(Saved data entries)
____________________

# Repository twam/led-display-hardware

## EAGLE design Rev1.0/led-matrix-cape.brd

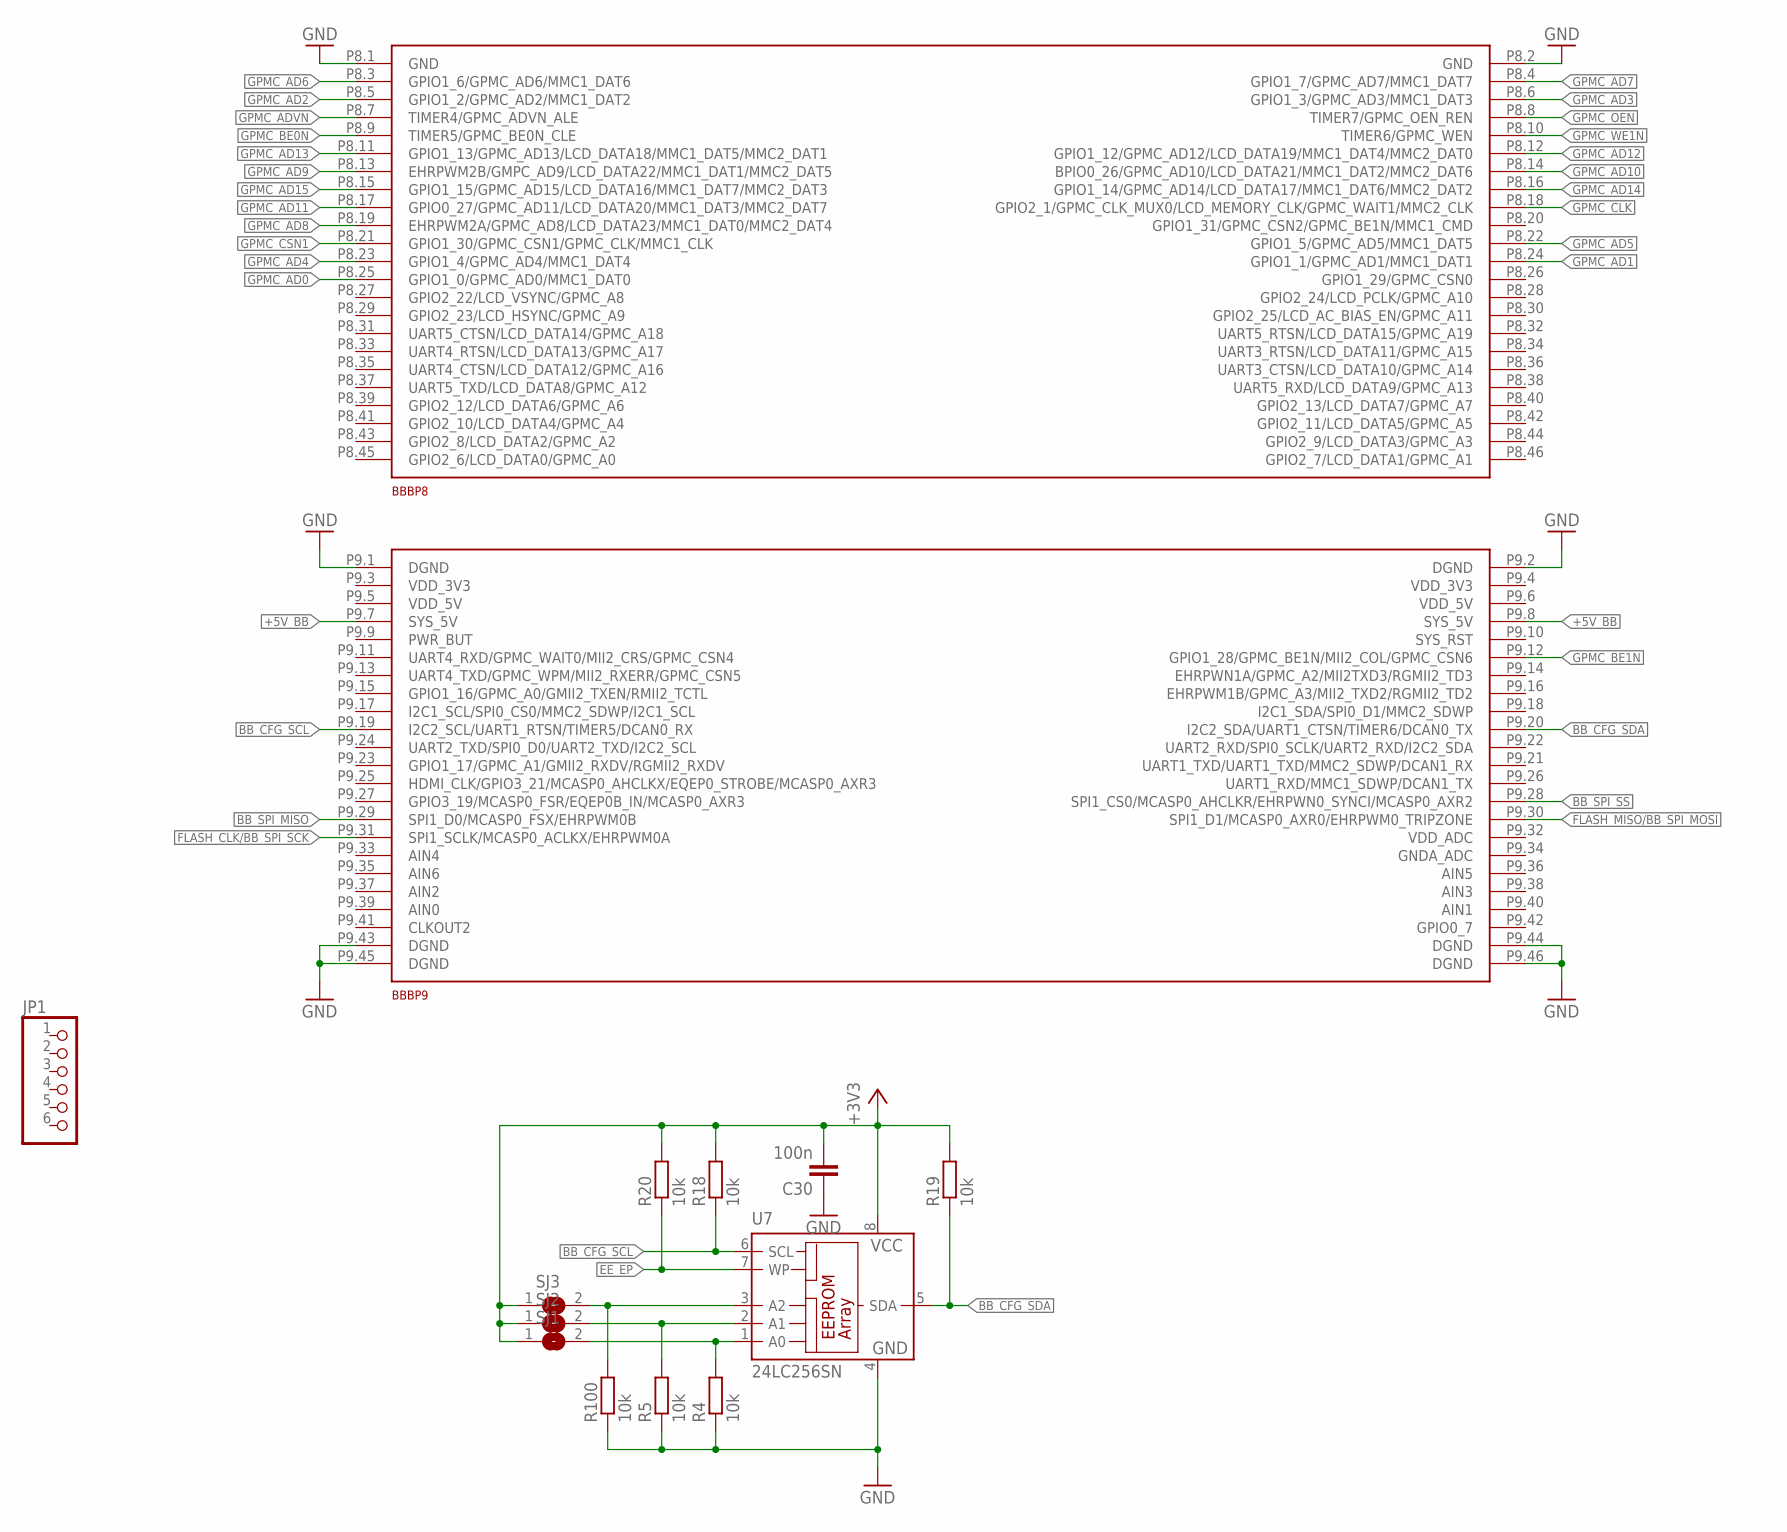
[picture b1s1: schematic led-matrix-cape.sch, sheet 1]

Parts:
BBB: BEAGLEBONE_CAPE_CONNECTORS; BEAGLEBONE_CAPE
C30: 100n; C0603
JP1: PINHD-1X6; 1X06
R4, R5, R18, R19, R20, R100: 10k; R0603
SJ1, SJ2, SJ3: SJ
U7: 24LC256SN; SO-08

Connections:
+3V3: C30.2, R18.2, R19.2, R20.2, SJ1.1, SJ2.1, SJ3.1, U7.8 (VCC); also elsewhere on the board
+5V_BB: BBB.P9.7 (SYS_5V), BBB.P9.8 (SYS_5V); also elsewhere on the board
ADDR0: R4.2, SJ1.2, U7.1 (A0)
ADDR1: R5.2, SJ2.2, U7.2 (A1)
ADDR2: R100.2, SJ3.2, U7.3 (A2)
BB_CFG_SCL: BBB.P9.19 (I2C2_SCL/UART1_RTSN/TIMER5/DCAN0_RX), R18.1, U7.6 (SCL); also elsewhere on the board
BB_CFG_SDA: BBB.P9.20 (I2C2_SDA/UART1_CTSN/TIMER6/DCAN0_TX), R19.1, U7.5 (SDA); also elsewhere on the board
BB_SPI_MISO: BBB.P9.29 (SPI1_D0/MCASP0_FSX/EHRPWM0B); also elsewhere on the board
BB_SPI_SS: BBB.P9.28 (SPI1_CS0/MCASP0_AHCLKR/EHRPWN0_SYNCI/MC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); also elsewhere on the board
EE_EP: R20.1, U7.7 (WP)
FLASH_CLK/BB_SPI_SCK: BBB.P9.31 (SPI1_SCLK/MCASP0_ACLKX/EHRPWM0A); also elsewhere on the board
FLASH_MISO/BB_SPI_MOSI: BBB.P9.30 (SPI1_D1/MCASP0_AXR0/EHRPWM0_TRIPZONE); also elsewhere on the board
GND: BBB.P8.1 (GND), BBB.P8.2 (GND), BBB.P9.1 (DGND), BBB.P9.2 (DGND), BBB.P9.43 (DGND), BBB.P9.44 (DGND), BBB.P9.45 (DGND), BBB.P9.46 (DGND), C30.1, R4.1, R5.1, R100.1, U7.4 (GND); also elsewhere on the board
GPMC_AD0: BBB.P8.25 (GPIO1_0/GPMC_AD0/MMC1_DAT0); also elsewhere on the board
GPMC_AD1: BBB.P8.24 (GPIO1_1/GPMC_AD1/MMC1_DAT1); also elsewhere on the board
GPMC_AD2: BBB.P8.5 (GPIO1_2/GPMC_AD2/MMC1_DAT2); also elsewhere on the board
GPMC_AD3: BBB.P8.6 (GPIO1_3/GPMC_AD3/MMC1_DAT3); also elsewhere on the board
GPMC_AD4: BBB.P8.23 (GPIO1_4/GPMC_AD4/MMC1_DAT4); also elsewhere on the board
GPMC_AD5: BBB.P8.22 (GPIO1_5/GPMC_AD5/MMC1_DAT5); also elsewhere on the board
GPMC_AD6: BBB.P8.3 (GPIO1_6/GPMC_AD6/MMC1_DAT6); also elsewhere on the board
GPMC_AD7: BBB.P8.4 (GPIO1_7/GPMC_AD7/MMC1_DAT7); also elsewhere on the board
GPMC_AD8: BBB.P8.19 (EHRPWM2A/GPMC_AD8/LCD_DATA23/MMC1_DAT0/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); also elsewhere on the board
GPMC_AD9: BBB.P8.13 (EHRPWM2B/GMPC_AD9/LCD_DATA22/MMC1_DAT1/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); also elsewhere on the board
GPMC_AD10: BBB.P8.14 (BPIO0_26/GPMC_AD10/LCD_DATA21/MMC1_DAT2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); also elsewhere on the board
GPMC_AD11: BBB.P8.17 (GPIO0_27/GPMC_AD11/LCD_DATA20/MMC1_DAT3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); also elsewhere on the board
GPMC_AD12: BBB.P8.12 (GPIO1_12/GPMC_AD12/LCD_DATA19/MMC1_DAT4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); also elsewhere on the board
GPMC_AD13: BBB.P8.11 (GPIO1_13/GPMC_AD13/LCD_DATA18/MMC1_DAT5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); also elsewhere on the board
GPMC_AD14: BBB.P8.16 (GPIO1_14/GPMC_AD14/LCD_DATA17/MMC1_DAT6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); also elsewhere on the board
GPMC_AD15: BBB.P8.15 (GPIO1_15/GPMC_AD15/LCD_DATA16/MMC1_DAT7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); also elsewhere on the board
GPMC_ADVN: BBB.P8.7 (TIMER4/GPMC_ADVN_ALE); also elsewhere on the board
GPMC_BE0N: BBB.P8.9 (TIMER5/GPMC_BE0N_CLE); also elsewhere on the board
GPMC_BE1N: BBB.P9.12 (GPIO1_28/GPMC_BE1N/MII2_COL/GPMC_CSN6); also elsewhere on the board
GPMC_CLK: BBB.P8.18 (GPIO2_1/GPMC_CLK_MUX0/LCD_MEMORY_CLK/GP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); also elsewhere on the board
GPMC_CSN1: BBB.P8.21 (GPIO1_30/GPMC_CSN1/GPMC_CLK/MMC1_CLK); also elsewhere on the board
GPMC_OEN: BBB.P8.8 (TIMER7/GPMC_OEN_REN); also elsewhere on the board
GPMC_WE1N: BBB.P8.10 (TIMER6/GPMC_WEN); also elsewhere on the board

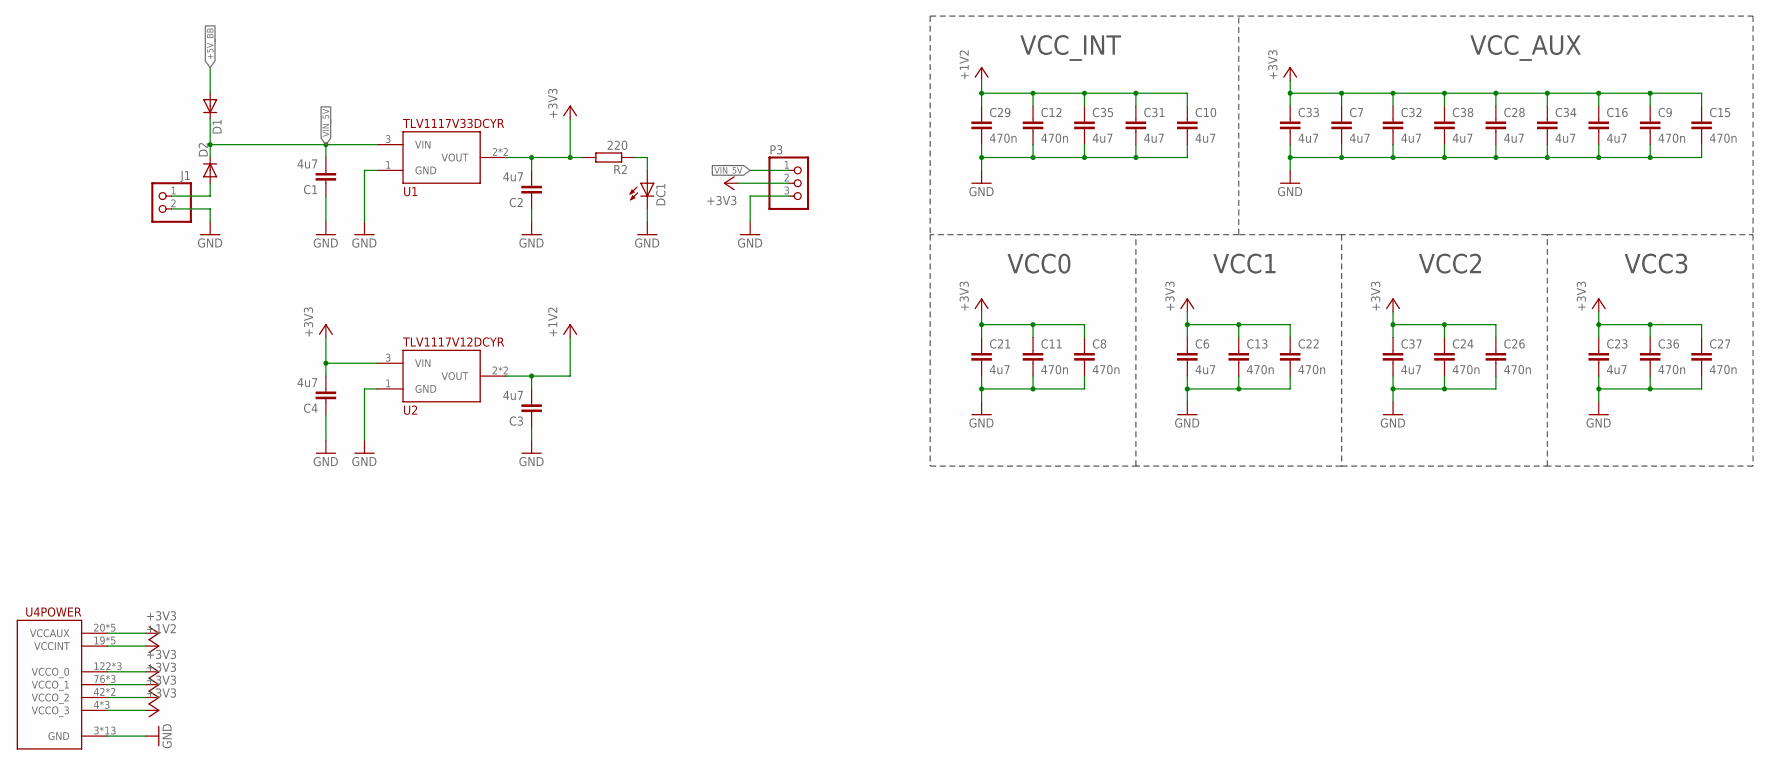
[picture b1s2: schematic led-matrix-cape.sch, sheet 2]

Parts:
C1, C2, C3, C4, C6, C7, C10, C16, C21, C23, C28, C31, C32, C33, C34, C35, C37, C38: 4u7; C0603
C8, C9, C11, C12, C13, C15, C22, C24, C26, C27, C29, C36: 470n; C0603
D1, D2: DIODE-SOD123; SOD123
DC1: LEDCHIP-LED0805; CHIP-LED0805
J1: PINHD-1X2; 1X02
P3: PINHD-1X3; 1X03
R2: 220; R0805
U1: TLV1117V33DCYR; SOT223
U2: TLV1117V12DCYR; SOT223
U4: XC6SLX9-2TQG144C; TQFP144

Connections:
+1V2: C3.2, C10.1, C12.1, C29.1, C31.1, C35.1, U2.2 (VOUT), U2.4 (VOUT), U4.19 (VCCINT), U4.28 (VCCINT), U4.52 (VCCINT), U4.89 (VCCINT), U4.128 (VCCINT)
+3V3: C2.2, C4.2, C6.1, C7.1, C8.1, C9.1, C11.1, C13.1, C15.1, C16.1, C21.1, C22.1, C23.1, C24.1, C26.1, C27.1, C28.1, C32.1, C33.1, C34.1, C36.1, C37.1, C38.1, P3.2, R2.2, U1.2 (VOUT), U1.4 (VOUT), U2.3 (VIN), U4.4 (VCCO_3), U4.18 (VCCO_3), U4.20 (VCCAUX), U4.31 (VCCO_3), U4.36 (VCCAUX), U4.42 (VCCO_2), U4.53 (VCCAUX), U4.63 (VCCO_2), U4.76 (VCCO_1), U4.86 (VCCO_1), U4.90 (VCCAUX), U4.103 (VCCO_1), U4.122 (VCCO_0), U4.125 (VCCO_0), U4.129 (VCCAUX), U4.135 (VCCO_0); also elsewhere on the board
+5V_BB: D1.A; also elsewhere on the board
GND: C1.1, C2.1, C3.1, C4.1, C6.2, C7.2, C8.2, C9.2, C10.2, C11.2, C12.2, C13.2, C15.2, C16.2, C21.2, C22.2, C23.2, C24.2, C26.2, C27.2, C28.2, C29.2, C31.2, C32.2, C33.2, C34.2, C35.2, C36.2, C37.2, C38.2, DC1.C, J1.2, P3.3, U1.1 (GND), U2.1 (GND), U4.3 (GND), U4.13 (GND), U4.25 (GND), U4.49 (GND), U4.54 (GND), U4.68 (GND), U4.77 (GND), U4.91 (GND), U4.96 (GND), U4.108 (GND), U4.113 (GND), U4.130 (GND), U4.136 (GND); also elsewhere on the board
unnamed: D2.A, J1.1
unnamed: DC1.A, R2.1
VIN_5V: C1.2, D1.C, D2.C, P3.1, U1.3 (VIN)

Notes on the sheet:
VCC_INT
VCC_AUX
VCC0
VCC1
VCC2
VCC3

____________________

Only the lines from the start of the records above through the line containing "ADDR2: R100.2, SJ3.2, U7.3 (A2)" should be returned, exactly and with both ends, please; the pictures stay out.

# Repository twam/led-display-hardware

## EAGLE design Rev1.0/led-matrix-cape.brd

[picture b1s1: schematic led-matrix-cape.sch, sheet 1]

Parts:
BBB: BEAGLEBONE_CAPE_CONNECTORS; BEAGLEBONE_CAPE
C30: 100n; C0603
JP1: PINHD-1X6; 1X06
R4, R5, R18, R19, R20, R100: 10k; R0603
SJ1, SJ2, SJ3: SJ
U7: 24LC256SN; SO-08

Connections:
+3V3: C30.2, R18.2, R19.2, R20.2, SJ1.1, SJ2.1, SJ3.1, U7.8 (VCC); also elsewhere on the board
+5V_BB: BBB.P9.7 (SYS_5V), BBB.P9.8 (SYS_5V); also elsewhere on the board
ADDR0: R4.2, SJ1.2, U7.1 (A0)
ADDR1: R5.2, SJ2.2, U7.2 (A1)
ADDR2: R100.2, SJ3.2, U7.3 (A2)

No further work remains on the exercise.